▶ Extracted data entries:
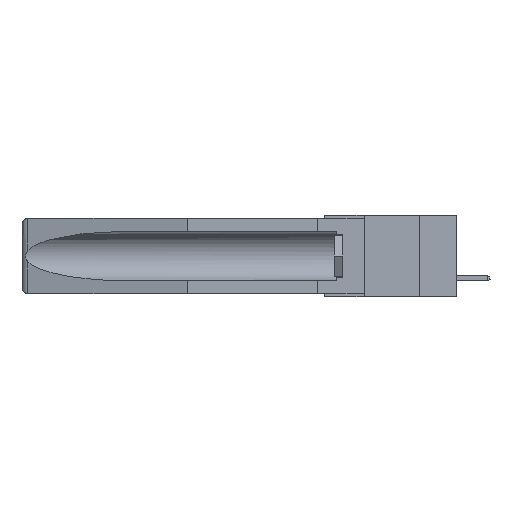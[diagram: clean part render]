
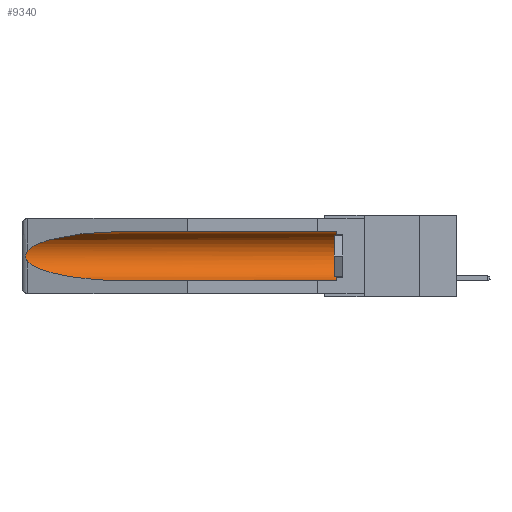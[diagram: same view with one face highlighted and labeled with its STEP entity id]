
A CAD part, left-side view. The second image highlights one B-rep face of the part: STEP entity #9340.
In plain terms, the highlighted cylindrical face has radius 2.857 mm (diameter 5.715 mm), a partial arc.
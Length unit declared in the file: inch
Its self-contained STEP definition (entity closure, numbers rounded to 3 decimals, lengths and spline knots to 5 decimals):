
#596 = EDGE_CURVE ( 'NONE', #16697, #10708, #3782, .T. ) ;
#763 = DIRECTION ( 'NONE',  ( 0., 0., 1. ) ) ;
#1658 = CARTESIAN_POINT ( 'NONE',  ( 0.155, -0.30754, -0.284 ) ) ;
#1848 = CARTESIAN_POINT ( 'NONE',  ( 0.2675, 1.53308, -0.16763 ) ) ;
#1865 = VERTEX_POINT ( 'NONE', #12332 ) ;
#2914 = VERTEX_POINT ( 'NONE', #28239 ) ;
#3248 =( BOUNDED_CURVE ( )  B_SPLINE_CURVE ( 3, ( #20289, #20595, #18135, #7294 ),
 .UNSPECIFIED., .F., .T. ) 
 B_SPLINE_CURVE_WITH_KNOTS ( ( 4, 4 ),
 ( 0.1948, 1.5708 ),
 .UNSPECIFIED. ) 
 CURVE ( )  GEOMETRIC_REPRESENTATION_ITEM ( )  RATIONAL_B_SPLINE_CURVE ( ( 1., 0.848, 0.848, 1. ) ) 
 REPRESENTATION_ITEM ( '' )  );
#3782 = CIRCLE ( 'NONE', #24249, 0.1125 ) ;
#3893 = LINE ( 'NONE', #5566, #9086 ) ;
#4029 = CARTESIAN_POINT ( 'NONE',  ( 0.26655, 1.53094, -0.18657 ) ) ;
#4128 = CARTESIAN_POINT ( 'NONE',  ( 0.155, 1.07973, -0.059 ) ) ;
#5566 = CARTESIAN_POINT ( 'NONE',  ( 0.155, -0.30754, -0.059 ) ) ;
#6099 = CARTESIAN_POINT ( 'NONE',  ( 0.2673, 1.5327, -0.16383 ) ) ;
#6346 = EDGE_LOOP ( 'NONE', ( #26861, #13122, #28060, #15090, #8028, #22988 ) ) ;
#7294 = CARTESIAN_POINT ( 'NONE',  ( 0.155, 1.07973, -0.284 ) ) ;
#7643 = CARTESIAN_POINT ( 'NONE',  ( 0.155, 0.126, -0.1715 ) ) ;
#8028 = ORIENTED_EDGE ( 'NONE', *, *, #596, .T. ) ;
#8102 = CARTESIAN_POINT ( 'NONE',  ( 0.2675, 1.53308, -0.17534 ) ) ;
#8312 = CARTESIAN_POINT ( 'NONE',  ( 0.26537, 1.52718, -0.14972 ) ) ;
#9086 = VECTOR ( 'NONE', #25795, 39.37008 ) ;
#9340 = ADVANCED_FACE ( 'NONE', ( #23742 ), #24098, .F. ) ;
#10158 = EDGE_CURVE ( 'NONE', #1865, #24785, #3248, .T. ) ;
#10708 = VERTEX_POINT ( 'NONE', #13635 ) ;
#12011 = DIRECTION ( 'NONE',  ( 0., -1., 0. ) ) ;
#12246 = AXIS2_PLACEMENT_3D ( 'NONE', #27385, #27675, #763 ) ;
#12314 =( BOUNDED_CURVE ( )  B_SPLINE_CURVE ( 3, ( #4128, #21931, #14790, #8312 ),
 .UNSPECIFIED., .F., .F. ) 
 B_SPLINE_CURVE_WITH_KNOTS ( ( 4, 4 ),
 ( 4.71239, 6.08839 ),
 .UNSPECIFIED. ) 
 CURVE ( )  GEOMETRIC_REPRESENTATION_ITEM ( )  RATIONAL_B_SPLINE_CURVE ( ( 1., 0.848, 0.848, 1. ) ) 
 REPRESENTATION_ITEM ( '' )  );
#12332 = CARTESIAN_POINT ( 'NONE',  ( 0.26537, 1.52718, -0.19328 ) ) ;
#12752 = CARTESIAN_POINT ( 'NONE',  ( 0.2673, 1.53269, -0.17917 ) ) ;
#13122 = ORIENTED_EDGE ( 'NONE', *, *, #17208, .T. ) ;
#13635 = CARTESIAN_POINT ( 'NONE',  ( 0.155, 0.126, -0.059 ) ) ;
#13653 = EDGE_CURVE ( 'NONE', #2914, #19891, #12314, .T. ) ;
#14433 = B_SPLINE_CURVE_WITH_KNOTS ( 'NONE', 3,
 ( #26339, #21433, #26137, #6099, #1848, #8102, #12752, #4029, #23680, #19250 ),
 .UNSPECIFIED., .F., .F.,
 ( 4, 2, 2, 2, 4 ),
 ( 0., 0.00029, 0.00058, 0.00087, 0.00117 ),
 .UNSPECIFIED. ) ;
#14790 = CARTESIAN_POINT ( 'NONE',  ( 0.25451, 1.48313, -0.09465 ) ) ;
#15090 = ORIENTED_EDGE ( 'NONE', *, *, #17271, .F. ) ;
#16460 = EDGE_CURVE ( 'NONE', #10708, #2914, #3893, .T. ) ;
#16697 = VERTEX_POINT ( 'NONE', #17425 ) ;
#17208 = EDGE_CURVE ( 'NONE', #19891, #1865, #14433, .T. ) ;
#17271 = EDGE_CURVE ( 'NONE', #16697, #24785, #22279, .T. ) ;
#17303 = DIRECTION ( 'NONE',  ( 0., 1., 0. ) ) ;
#17425 = CARTESIAN_POINT ( 'NONE',  ( 0.155, 0.126, -0.284 ) ) ;
#18135 = CARTESIAN_POINT ( 'NONE',  ( 0.21114, 1.30732, -0.284 ) ) ;
#18868 = DIRECTION ( 'NONE',  ( 0., 0., 1. ) ) ;
#19250 = CARTESIAN_POINT ( 'NONE',  ( 0.26537, 1.52718, -0.19328 ) ) ;
#19891 = VERTEX_POINT ( 'NONE', #23179 ) ;
#20289 = CARTESIAN_POINT ( 'NONE',  ( 0.26537, 1.52718, -0.19328 ) ) ;
#20595 = CARTESIAN_POINT ( 'NONE',  ( 0.25451, 1.48313, -0.24835 ) ) ;
#21433 = CARTESIAN_POINT ( 'NONE',  ( 0.26597, 1.52961, -0.15275 ) ) ;
#21931 = CARTESIAN_POINT ( 'NONE',  ( 0.21114, 1.30732, -0.059 ) ) ;
#22279 = LINE ( 'NONE', #1658, #24022 ) ;
#22988 = ORIENTED_EDGE ( 'NONE', *, *, #16460, .T. ) ;
#23179 = CARTESIAN_POINT ( 'NONE',  ( 0.26537, 1.52718, -0.14972 ) ) ;
#23680 = CARTESIAN_POINT ( 'NONE',  ( 0.26597, 1.5296, -0.19026 ) ) ;
#23742 = FACE_OUTER_BOUND ( 'NONE', #6346, .T. ) ;
#24022 = VECTOR ( 'NONE', #17303, 39.37008 ) ;
#24098 = CYLINDRICAL_SURFACE ( 'NONE', #12246, 0.1125 ) ;
#24249 = AXIS2_PLACEMENT_3D ( 'NONE', #7643, #12011, #18868 ) ;
#24785 = VERTEX_POINT ( 'NONE', #24863 ) ;
#24863 = CARTESIAN_POINT ( 'NONE',  ( 0.155, 1.07973, -0.284 ) ) ;
#25795 = DIRECTION ( 'NONE',  ( 0., 1., 0. ) ) ;
#26137 = CARTESIAN_POINT ( 'NONE',  ( 0.26654, 1.53092, -0.15636 ) ) ;
#26339 = CARTESIAN_POINT ( 'NONE',  ( 0.26537, 1.52718, -0.14972 ) ) ;
#26861 = ORIENTED_EDGE ( 'NONE', *, *, #13653, .T. ) ;
#27385 = CARTESIAN_POINT ( 'NONE',  ( 0.155, -0.30754, -0.1715 ) ) ;
#27675 = DIRECTION ( 'NONE',  ( 0., 1., 0. ) ) ;
#28060 = ORIENTED_EDGE ( 'NONE', *, *, #10158, .T. ) ;
#28239 = CARTESIAN_POINT ( 'NONE',  ( 0.155, 1.07973, -0.059 ) ) ;

▶ Problem:
Write only the number of lines in the records that include the word "UNSPECIFIED".

▶ Your solution:
6